# Order queue, who's first?



## somebodyhere (13 April 2007)

Hi

I've been wondering about who's first when submitting orders.

Suppose a share is currently trading at $1.20.

If I set a BUY order at $1.00 today, and tomorrow another person (person B) sets a BUY order at $1.00, I will be first in the queue should the share drops, right?

Also tomorrow, person C comes along and sets BUY order at $1.10, so he's ahead of me in the line.
But then, the day after tomorrow, I AMEND my order to $1.10 as well. Who is first in the queue, me or person C?

What if two people set an order at the same price and at the same second (unlikely, I know). Who's first? Do big brokers get higher priority?

What if I create an order at 8pm today and another person creates an order at 8:30pm? What if it's at 9am and 9:30am (which is pre-open)? Does it matter since it's outside trading hours?

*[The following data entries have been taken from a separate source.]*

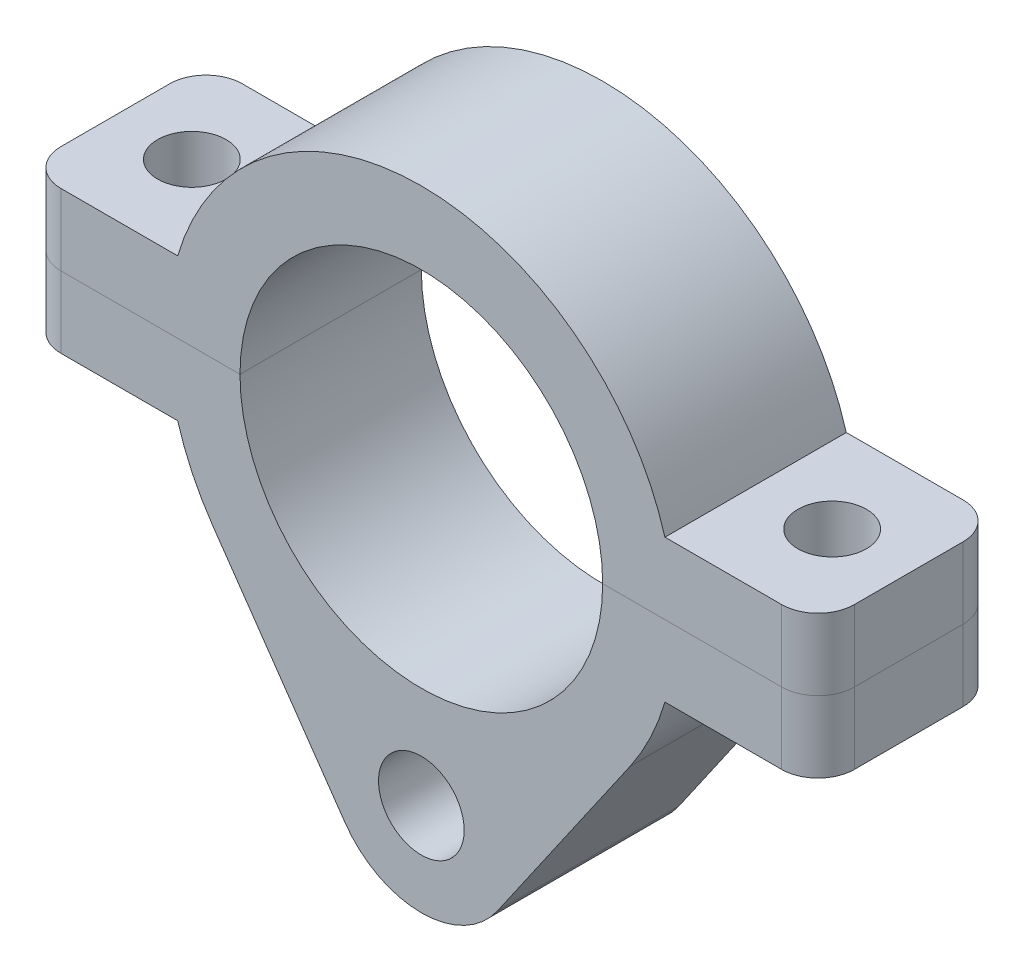
ISO-10303-21;
HEADER;
FILE_DESCRIPTION(('STEP AP214'),'2;1');
FILE_NAME('part.step','',(''),(''),'','','');
FILE_SCHEMA(('AUTOMOTIVE_DESIGN { 1 0 10303 214 1 1 1 1 }'));
ENDSEC;
DATA;
#1=APPLICATION_CONTEXT('core data for automotive mechanical design processes');
#2=APPLICATION_PROTOCOL_DEFINITION('international standard','automotive_design',2000,#1);
#3=PRODUCT_CONTEXT('',#1,'mechanical');
#4=PRODUCT('Part','Part','',(#3));
#5=PRODUCT_RELATED_PRODUCT_CATEGORY('part','',(#4));
#6=PRODUCT_DEFINITION_FORMATION('','',#4);
#7=PRODUCT_DEFINITION_CONTEXT('part definition',#1,'design');
#8=PRODUCT_DEFINITION('design','',#6,#7);
#9=PRODUCT_DEFINITION_SHAPE('','',#8);
#10=(LENGTH_UNIT() NAMED_UNIT(*) SI_UNIT(.MILLI.,.METRE.));
#11=(NAMED_UNIT(*) PLANE_ANGLE_UNIT() SI_UNIT($,.RADIAN.));
#12=(NAMED_UNIT(*) SI_UNIT($,.STERADIAN.) SOLID_ANGLE_UNIT());
#13=UNCERTAINTY_MEASURE_WITH_UNIT(LENGTH_MEASURE(1.E-05),#10,'distance_accuracy_value','');
#14=(GEOMETRIC_REPRESENTATION_CONTEXT(3) GLOBAL_UNCERTAINTY_ASSIGNED_CONTEXT((#13)) GLOBAL_UNIT_ASSIGNED_CONTEXT((#10,
#11,#12)) REPRESENTATION_CONTEXT('',''));
#15=CARTESIAN_POINT('',(0.,0.,0.));
#16=DIRECTION('',(0.,0.,1.));
#17=DIRECTION('',(1.,0.,0.));
#18=AXIS2_PLACEMENT_3D('',#15,#16,#17);
#19=CARTESIAN_POINT('',(0.,0.,0.));
#20=DIRECTION('',(0.,-1.,0.));
#21=DIRECTION('',(0.,0.,-1.));
#22=AXIS2_PLACEMENT_3D('',#19,#20,#21);
#23=PLANE('',#22);
#24=CARTESIAN_POINT('',(-22.4212425824144,0.,6.35));
#25=DIRECTION('',(0.,-1.,0.));
#26=DIRECTION('',(0.,0.,-1.));
#27=AXIS2_PLACEMENT_3D('',#24,#25,#26);
#28=CIRCLE('',#27,2.4);
#29=CARTESIAN_POINT('',(-22.4212425824144,0.,3.95));
#30=VERTEX_POINT('',#29);
#31=EDGE_CURVE('E179',#30,#30,#28,.F.);
#32=ORIENTED_EDGE('',*,*,#31,.T.);
#33=EDGE_LOOP('',(#32));
#34=FACE_BOUND('',#33,.T.);
#35=DIRECTION('',(1.,0.,0.));
#36=VECTOR('',#35,1.);
#37=CARTESIAN_POINT('',(0.,0.,12.7));
#38=LINE('',#37,#36);
#39=CARTESIAN_POINT('',(-25.24,0.,12.7));
#40=VERTEX_POINT('',#39);
#41=CARTESIAN_POINT('',(-12.7,0.,12.7));
#42=VERTEX_POINT('',#41);
#43=EDGE_CURVE('E172',#40,#42,#38,.T.);
#44=ORIENTED_EDGE('',*,*,#43,.F.);
#45=CARTESIAN_POINT('',(-25.24,0.,10.16));
#46=DIRECTION('',(0.,-1.,0.));
#47=DIRECTION('',(0.,0.,-1.));
#48=AXIS2_PLACEMENT_3D('',#45,#46,#47);
#49=CIRCLE('',#48,2.54);
#50=CARTESIAN_POINT('',(-27.78,0.,10.16));
#51=VERTEX_POINT('',#50);
#52=EDGE_CURVE('E236',#51,#40,#49,.F.);
#53=ORIENTED_EDGE('',*,*,#52,.F.);
#54=DIRECTION('',(0.,0.,1.));
#55=VECTOR('',#54,1.);
#56=CARTESIAN_POINT('',(-27.78,0.,12.7));
#57=LINE('',#56,#55);
#58=CARTESIAN_POINT('',(-27.78,0.,2.54));
#59=VERTEX_POINT('',#58);
#60=EDGE_CURVE('E239',#59,#51,#57,.T.);
#61=ORIENTED_EDGE('',*,*,#60,.F.);
#62=CARTESIAN_POINT('',(-25.24,0.,2.54));
#63=DIRECTION('',(0.,-1.,0.));
#64=DIRECTION('',(0.,0.,-1.));
#65=AXIS2_PLACEMENT_3D('',#62,#63,#64);
#66=CIRCLE('',#65,2.54);
#67=CARTESIAN_POINT('',(-25.24,0.,0.));
#68=VERTEX_POINT('',#67);
#69=EDGE_CURVE('E234',#68,#59,#66,.F.);
#70=ORIENTED_EDGE('',*,*,#69,.F.);
#71=DIRECTION('',(1.,0.,0.));
#72=VECTOR('',#71,1.);
#73=CARTESIAN_POINT('',(0.,0.,0.));
#74=LINE('',#73,#72);
#75=CARTESIAN_POINT('',(-12.7,0.,0.));
#76=VERTEX_POINT('',#75);
#77=EDGE_CURVE('E178',#68,#76,#74,.T.);
#78=ORIENTED_EDGE('',*,*,#77,.T.);
#79=DIRECTION('',(0.,0.,-1.));
#80=VECTOR('',#79,1.);
#81=CARTESIAN_POINT('',(-12.7,0.,12.7));
#82=LINE('',#81,#80);
#83=EDGE_CURVE('E158',#42,#76,#82,.T.);
#84=ORIENTED_EDGE('',*,*,#83,.F.);
#85=EDGE_LOOP('',(#44,#53,#61,#70,#78,#84));
#86=FACE_BOUND('',#85,.T.);
#87=ADVANCED_FACE('F53',(#34,#86),#23,.T.);
#88=CARTESIAN_POINT('',(22.4212425824144,0.,6.35));
#89=DIRECTION('',(0.,-1.,0.));
#90=DIRECTION('',(0.,0.,-1.));
#91=AXIS2_PLACEMENT_3D('',#88,#89,#90);
#92=CIRCLE('',#91,2.4);
#93=CARTESIAN_POINT('',(22.4212425824144,0.,3.95));
#94=VERTEX_POINT('',#93);
#95=EDGE_CURVE('E183',#94,#94,#92,.F.);
#96=ORIENTED_EDGE('',*,*,#95,.T.);
#97=EDGE_LOOP('',(#96));
#98=FACE_BOUND('',#97,.T.);
#99=CARTESIAN_POINT('',(12.7,0.,12.7));
#100=VERTEX_POINT('',#99);
#101=CARTESIAN_POINT('',(25.24,0.,12.7));
#102=VERTEX_POINT('',#101);
#103=EDGE_CURVE('E171',#100,#102,#38,.T.);
#104=ORIENTED_EDGE('',*,*,#103,.F.);
#105=DIRECTION('',(0.,0.,-1.));
#106=VECTOR('',#105,1.);
#107=CARTESIAN_POINT('',(12.7,0.,12.7));
#108=LINE('',#107,#106);
#109=CARTESIAN_POINT('',(12.7,0.,0.));
#110=VERTEX_POINT('',#109);
#111=EDGE_CURVE('E155',#110,#100,#108,.F.);
#112=ORIENTED_EDGE('',*,*,#111,.F.);
#113=CARTESIAN_POINT('',(25.24,0.,0.));
#114=VERTEX_POINT('',#113);
#115=EDGE_CURVE('E168',#110,#114,#74,.T.);
#116=ORIENTED_EDGE('',*,*,#115,.T.);
#117=CARTESIAN_POINT('',(25.24,0.,2.54));
#118=DIRECTION('',(0.,-1.,0.));
#119=DIRECTION('',(0.,0.,-1.));
#120=AXIS2_PLACEMENT_3D('',#117,#118,#119);
#121=CIRCLE('',#120,2.54);
#122=CARTESIAN_POINT('',(27.78,0.,2.54));
#123=VERTEX_POINT('',#122);
#124=EDGE_CURVE('E194',#123,#114,#121,.F.);
#125=ORIENTED_EDGE('',*,*,#124,.F.);
#126=DIRECTION('',(0.,0.,1.));
#127=VECTOR('',#126,1.);
#128=CARTESIAN_POINT('',(27.78,0.,12.7));
#129=LINE('',#128,#127);
#130=CARTESIAN_POINT('',(27.78,0.,10.16));
#131=VERTEX_POINT('',#130);
#132=EDGE_CURVE('E181',#123,#131,#129,.T.);
#133=ORIENTED_EDGE('',*,*,#132,.T.);
#134=CARTESIAN_POINT('',(25.24,0.,10.16));
#135=DIRECTION('',(0.,-1.,0.));
#136=DIRECTION('',(0.,0.,-1.));
#137=AXIS2_PLACEMENT_3D('',#134,#135,#136);
#138=CIRCLE('',#137,2.54);
#139=EDGE_CURVE('E232',#102,#131,#138,.F.);
#140=ORIENTED_EDGE('',*,*,#139,.F.);
#141=EDGE_LOOP('',(#104,#112,#116,#125,#133,#140));
#142=FACE_BOUND('',#141,.T.);
#143=ADVANCED_FACE('F167',(#98,#142),#23,.T.);
#144=CARTESIAN_POINT('',(0.,0.,12.7));
#145=DIRECTION('',(0.,0.,-1.));
#146=DIRECTION('',(-1.,0.,0.));
#147=AXIS2_PLACEMENT_3D('',#144,#145,#146);
#148=CYLINDRICAL_SURFACE('',#147,12.7);
#149=CARTESIAN_POINT('',(0.,0.,12.7));
#150=DIRECTION('',(0.,0.,1.));
#151=DIRECTION('',(1.,0.,0.));
#152=AXIS2_PLACEMENT_3D('',#149,#150,#151);
#153=CIRCLE('',#152,12.7);
#154=EDGE_CURVE('E212',#100,#42,#153,.T.);
#155=ORIENTED_EDGE('',*,*,#154,.T.);
#156=ORIENTED_EDGE('',*,*,#83,.T.);
#157=CARTESIAN_POINT('',(0.,0.,0.));
#158=DIRECTION('',(0.,0.,1.));
#159=DIRECTION('',(1.,0.,0.));
#160=AXIS2_PLACEMENT_3D('',#157,#158,#159);
#161=CIRCLE('',#160,12.7);
#162=EDGE_CURVE('E57',#110,#76,#161,.T.);
#163=ORIENTED_EDGE('',*,*,#162,.F.);
#164=ORIENTED_EDGE('',*,*,#111,.T.);
#165=EDGE_LOOP('',(#155,#156,#163,#164));
#166=FACE_BOUND('',#165,.T.);
#167=ADVANCED_FACE('F154',(#166),#148,.F.);
#168=CARTESIAN_POINT('',(0.,0.,12.7));
#169=DIRECTION('',(0.,0.,-1.));
#170=DIRECTION('',(-1.,0.,0.));
#171=AXIS2_PLACEMENT_3D('',#168,#169,#170);
#172=CYLINDRICAL_SURFACE('',#171,17.78);
#173=CARTESIAN_POINT('',(0.,0.,0.));
#174=DIRECTION('',(0.,0.,1.));
#175=DIRECTION('',(1.,0.,0.));
#176=AXIS2_PLACEMENT_3D('',#173,#174,#175);
#177=CIRCLE('',#176,17.78);
#178=CARTESIAN_POINT('',(17.0624851648287,5.,0.));
#179=VERTEX_POINT('',#178);
#180=CARTESIAN_POINT('',(-17.0624851648287,5.,0.));
#181=VERTEX_POINT('',#180);
#182=EDGE_CURVE('E224',#179,#181,#177,.T.);
#183=ORIENTED_EDGE('',*,*,#182,.T.);
#184=DIRECTION('',(0.,0.,-1.));
#185=VECTOR('',#184,1.);
#186=CARTESIAN_POINT('',(-17.0624851648287,5.,12.7));
#187=LINE('',#186,#185);
#188=CARTESIAN_POINT('',(-17.0624851648287,5.,12.7));
#189=VERTEX_POINT('',#188);
#190=EDGE_CURVE('E216',#189,#181,#187,.T.);
#191=ORIENTED_EDGE('',*,*,#190,.F.);
#192=CARTESIAN_POINT('',(0.,0.,12.7));
#193=DIRECTION('',(0.,0.,1.));
#194=DIRECTION('',(1.,0.,0.));
#195=AXIS2_PLACEMENT_3D('',#192,#193,#194);
#196=CIRCLE('',#195,17.78);
#197=CARTESIAN_POINT('',(17.0624851648287,5.,12.7));
#198=VERTEX_POINT('',#197);
#199=EDGE_CURVE('E214',#198,#189,#196,.T.);
#200=ORIENTED_EDGE('',*,*,#199,.F.);
#201=DIRECTION('',(0.,0.,-1.));
#202=VECTOR('',#201,1.);
#203=CARTESIAN_POINT('',(17.0624851648287,5.,12.7));
#204=LINE('',#203,#202);
#205=EDGE_CURVE('E72',#198,#179,#204,.T.);
#206=ORIENTED_EDGE('',*,*,#205,.T.);
#207=EDGE_LOOP('',(#183,#191,#200,#206));
#208=FACE_BOUND('',#207,.T.);
#209=ADVANCED_FACE('F285',(#208),#172,.T.);
#210=CARTESIAN_POINT('',(0.,5.,12.7));
#211=DIRECTION('',(0.,1.,0.));
#212=DIRECTION('',(0.,0.,1.));
#213=AXIS2_PLACEMENT_3D('',#210,#211,#212);
#214=PLANE('',#213);
#215=CARTESIAN_POINT('',(-22.4212425824144,5.,6.35));
#216=DIRECTION('',(0.,1.,0.));
#217=DIRECTION('',(0.,0.,1.));
#218=AXIS2_PLACEMENT_3D('',#215,#216,#217);
#219=CIRCLE('',#218,2.4);
#220=CARTESIAN_POINT('',(-22.4212425824144,5.,8.75));
#221=VERTEX_POINT('',#220);
#222=EDGE_CURVE('E63',#221,#221,#219,.T.);
#223=ORIENTED_EDGE('',*,*,#222,.F.);
#224=EDGE_LOOP('',(#223));
#225=FACE_BOUND('',#224,.T.);
#226=DIRECTION('',(0.,0.,-1.));
#227=VECTOR('',#226,1.);
#228=CARTESIAN_POINT('',(-27.78,5.,12.7));
#229=LINE('',#228,#227);
#230=CARTESIAN_POINT('',(-27.78,5.,10.16));
#231=VERTEX_POINT('',#230);
#232=CARTESIAN_POINT('',(-27.78,5.,2.54));
#233=VERTEX_POINT('',#232);
#234=EDGE_CURVE('E213',#231,#233,#229,.T.);
#235=ORIENTED_EDGE('',*,*,#234,.F.);
#236=CARTESIAN_POINT('',(-25.24,5.,10.16));
#237=DIRECTION('',(0.,1.,0.));
#238=DIRECTION('',(0.,0.,1.));
#239=AXIS2_PLACEMENT_3D('',#236,#237,#238);
#240=CIRCLE('',#239,2.54);
#241=CARTESIAN_POINT('',(-25.24,5.,12.7));
#242=VERTEX_POINT('',#241);
#243=EDGE_CURVE('E206',#231,#242,#240,.T.);
#244=ORIENTED_EDGE('',*,*,#243,.T.);
#245=DIRECTION('',(1.,0.,0.));
#246=VECTOR('',#245,1.);
#247=CARTESIAN_POINT('',(0.,5.,12.7));
#248=LINE('',#247,#246);
#249=EDGE_CURVE('E84',#242,#189,#248,.T.);
#250=ORIENTED_EDGE('',*,*,#249,.T.);
#251=ORIENTED_EDGE('',*,*,#190,.T.);
#252=DIRECTION('',(1.,0.,0.));
#253=VECTOR('',#252,1.);
#254=CARTESIAN_POINT('',(0.,5.,0.));
#255=LINE('',#254,#253);
#256=CARTESIAN_POINT('',(-25.24,5.,0.));
#257=VERTEX_POINT('',#256);
#258=EDGE_CURVE('E163',#257,#181,#255,.T.);
#259=ORIENTED_EDGE('',*,*,#258,.F.);
#260=CARTESIAN_POINT('',(-25.24,5.,2.54));
#261=DIRECTION('',(0.,1.,0.));
#262=DIRECTION('',(0.,0.,1.));
#263=AXIS2_PLACEMENT_3D('',#260,#261,#262);
#264=CIRCLE('',#263,2.54);
#265=EDGE_CURVE('E209',#257,#233,#264,.T.);
#266=ORIENTED_EDGE('',*,*,#265,.T.);
#267=EDGE_LOOP('',(#235,#244,#250,#251,#259,#266));
#268=FACE_BOUND('',#267,.T.);
#269=ADVANCED_FACE('F265',(#225,#268),#214,.T.);
#270=CARTESIAN_POINT('',(-27.78,0.,12.7));
#271=DIRECTION('',(-1.,0.,0.));
#272=DIRECTION('',(0.,0.,1.));
#273=AXIS2_PLACEMENT_3D('',#270,#271,#272);
#274=PLANE('',#273);
#275=DIRECTION('',(0.,1.,0.));
#276=VECTOR('',#275,1.);
#277=CARTESIAN_POINT('',(-27.78,-5.,2.54));
#278=LINE('',#277,#276);
#279=EDGE_CURVE('E208',#233,#59,#278,.F.);
#280=ORIENTED_EDGE('',*,*,#279,.T.);
#281=ORIENTED_EDGE('',*,*,#60,.T.);
#282=DIRECTION('',(0.,1.,0.));
#283=VECTOR('',#282,1.);
#284=CARTESIAN_POINT('',(-27.78,0.,10.16));
#285=LINE('',#284,#283);
#286=EDGE_CURVE('E92',#51,#231,#285,.T.);
#287=ORIENTED_EDGE('',*,*,#286,.T.);
#288=ORIENTED_EDGE('',*,*,#234,.T.);
#289=EDGE_LOOP('',(#280,#281,#287,#288));
#290=FACE_BOUND('',#289,.T.);
#291=ADVANCED_FACE('F284',(#290),#274,.T.);
#292=CARTESIAN_POINT('',(0.,5.,12.7));
#293=DIRECTION('',(0.,1.,0.));
#294=DIRECTION('',(0.,0.,1.));
#295=AXIS2_PLACEMENT_3D('',#292,#293,#294);
#296=PLANE('',#295);
#297=CARTESIAN_POINT('',(22.4212425824144,5.,6.35));
#298=DIRECTION('',(0.,1.,0.));
#299=DIRECTION('',(0.,0.,1.));
#300=AXIS2_PLACEMENT_3D('',#297,#298,#299);
#301=CIRCLE('',#300,2.4);
#302=CARTESIAN_POINT('',(22.4212425824144,5.,8.75));
#303=VERTEX_POINT('',#302);
#304=EDGE_CURVE('E13',#303,#303,#301,.T.);
#305=ORIENTED_EDGE('',*,*,#304,.F.);
#306=EDGE_LOOP('',(#305));
#307=FACE_BOUND('',#306,.T.);
#308=DIRECTION('',(1.,0.,0.));
#309=VECTOR('',#308,1.);
#310=CARTESIAN_POINT('',(0.,5.,12.7));
#311=LINE('',#310,#309);
#312=CARTESIAN_POINT('',(25.24,5.,12.7));
#313=VERTEX_POINT('',#312);
#314=EDGE_CURVE('E164',#198,#313,#311,.T.);
#315=ORIENTED_EDGE('',*,*,#314,.T.);
#316=CARTESIAN_POINT('',(25.24,5.,10.16));
#317=DIRECTION('',(0.,1.,0.));
#318=DIRECTION('',(0.,0.,1.));
#319=AXIS2_PLACEMENT_3D('',#316,#317,#318);
#320=CIRCLE('',#319,2.54);
#321=CARTESIAN_POINT('',(27.78,5.,10.16));
#322=VERTEX_POINT('',#321);
#323=EDGE_CURVE('E196',#313,#322,#320,.T.);
#324=ORIENTED_EDGE('',*,*,#323,.T.);
#325=DIRECTION('',(0.,0.,-1.));
#326=VECTOR('',#325,1.);
#327=CARTESIAN_POINT('',(27.78,5.,12.7));
#328=LINE('',#327,#326);
#329=CARTESIAN_POINT('',(27.78,5.,2.54));
#330=VERTEX_POINT('',#329);
#331=EDGE_CURVE('E211',#322,#330,#328,.T.);
#332=ORIENTED_EDGE('',*,*,#331,.T.);
#333=CARTESIAN_POINT('',(25.24,5.,2.54));
#334=DIRECTION('',(0.,1.,0.));
#335=DIRECTION('',(0.,0.,1.));
#336=AXIS2_PLACEMENT_3D('',#333,#334,#335);
#337=CIRCLE('',#336,2.54);
#338=CARTESIAN_POINT('',(25.24,5.,0.));
#339=VERTEX_POINT('',#338);
#340=EDGE_CURVE('E199',#330,#339,#337,.T.);
#341=ORIENTED_EDGE('',*,*,#340,.T.);
#342=DIRECTION('',(1.,0.,0.));
#343=VECTOR('',#342,1.);
#344=CARTESIAN_POINT('',(0.,5.,0.));
#345=LINE('',#344,#343);
#346=EDGE_CURVE('E226',#179,#339,#345,.T.);
#347=ORIENTED_EDGE('',*,*,#346,.F.);
#348=ORIENTED_EDGE('',*,*,#205,.F.);
#349=EDGE_LOOP('',(#315,#324,#332,#341,#347,#348));
#350=FACE_BOUND('',#349,.T.);
#351=ADVANCED_FACE('F269',(#307,#350),#296,.T.);
#352=CARTESIAN_POINT('',(0.,0.,0.));
#353=DIRECTION('',(0.,0.,1.));
#354=DIRECTION('',(1.,0.,0.));
#355=AXIS2_PLACEMENT_3D('',#352,#353,#354);
#356=PLANE('',#355);
#357=ORIENTED_EDGE('',*,*,#77,.F.);
#358=DIRECTION('',(0.,1.,0.));
#359=VECTOR('',#358,1.);
#360=CARTESIAN_POINT('',(-25.24,5.,0.));
#361=LINE('',#360,#359);
#362=EDGE_CURVE('E197',#68,#257,#361,.T.);
#363=ORIENTED_EDGE('',*,*,#362,.T.);
#364=ORIENTED_EDGE('',*,*,#258,.T.);
#365=ORIENTED_EDGE('',*,*,#182,.F.);
#366=ORIENTED_EDGE('',*,*,#346,.T.);
#367=DIRECTION('',(0.,1.,0.));
#368=VECTOR('',#367,1.);
#369=CARTESIAN_POINT('',(25.24,0.,0.));
#370=LINE('',#369,#368);
#371=EDGE_CURVE('E177',#339,#114,#370,.F.);
#372=ORIENTED_EDGE('',*,*,#371,.T.);
#373=ORIENTED_EDGE('',*,*,#115,.F.);
#374=ORIENTED_EDGE('',*,*,#162,.T.);
#375=EDGE_LOOP('',(#357,#363,#364,#365,#366,#372,#373,#374));
#376=FACE_BOUND('',#375,.T.);
#377=ADVANCED_FACE('F174',(#376),#356,.F.);
#378=CARTESIAN_POINT('',(27.78,0.,12.7));
#379=DIRECTION('',(-1.,0.,0.));
#380=DIRECTION('',(0.,0.,1.));
#381=AXIS2_PLACEMENT_3D('',#378,#379,#380);
#382=PLANE('',#381);
#383=ORIENTED_EDGE('',*,*,#132,.F.);
#384=DIRECTION('',(0.,1.,0.));
#385=VECTOR('',#384,1.);
#386=CARTESIAN_POINT('',(27.78,0.,2.54));
#387=LINE('',#386,#385);
#388=EDGE_CURVE('E193',#123,#330,#387,.T.);
#389=ORIENTED_EDGE('',*,*,#388,.T.);
#390=ORIENTED_EDGE('',*,*,#331,.F.);
#391=DIRECTION('',(0.,1.,0.));
#392=VECTOR('',#391,1.);
#393=CARTESIAN_POINT('',(27.78,-5.,10.16));
#394=LINE('',#393,#392);
#395=EDGE_CURVE('E190',#322,#131,#394,.F.);
#396=ORIENTED_EDGE('',*,*,#395,.T.);
#397=EDGE_LOOP('',(#383,#389,#390,#396));
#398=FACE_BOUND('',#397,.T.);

Also, suppose my BUY order is partially fulfilled. Is it possible that another person also has a partially fulfilled BUY order (at the same price)?

Thanks a lot.


----------



## constable (13 April 2007)

If you change your price you're last in the queue! If you increase the units on order while there are people behind you, your additional units will also go to the back of the queue!
Out of hour orders will depend on when your broker places them in the morning.


----------



## x2rider (13 April 2007)

Yeah, what constable said.
First in first served. Or first up best dressed.

 Cheers martin


----------



## somebodyhere (14 April 2007)

Thanks.



constable said:


> If you increase the units on order while there are people behind you, your *additional* units will also go to the back of the queue!




But the original units will still be at the front, right? and if i reduce the units, they will still be at the front?



constable said:


> Out of hour orders will depend on when your broker places them in the morning.



Do you know about the major online brokers such as CommSec, Etrade and Westpac?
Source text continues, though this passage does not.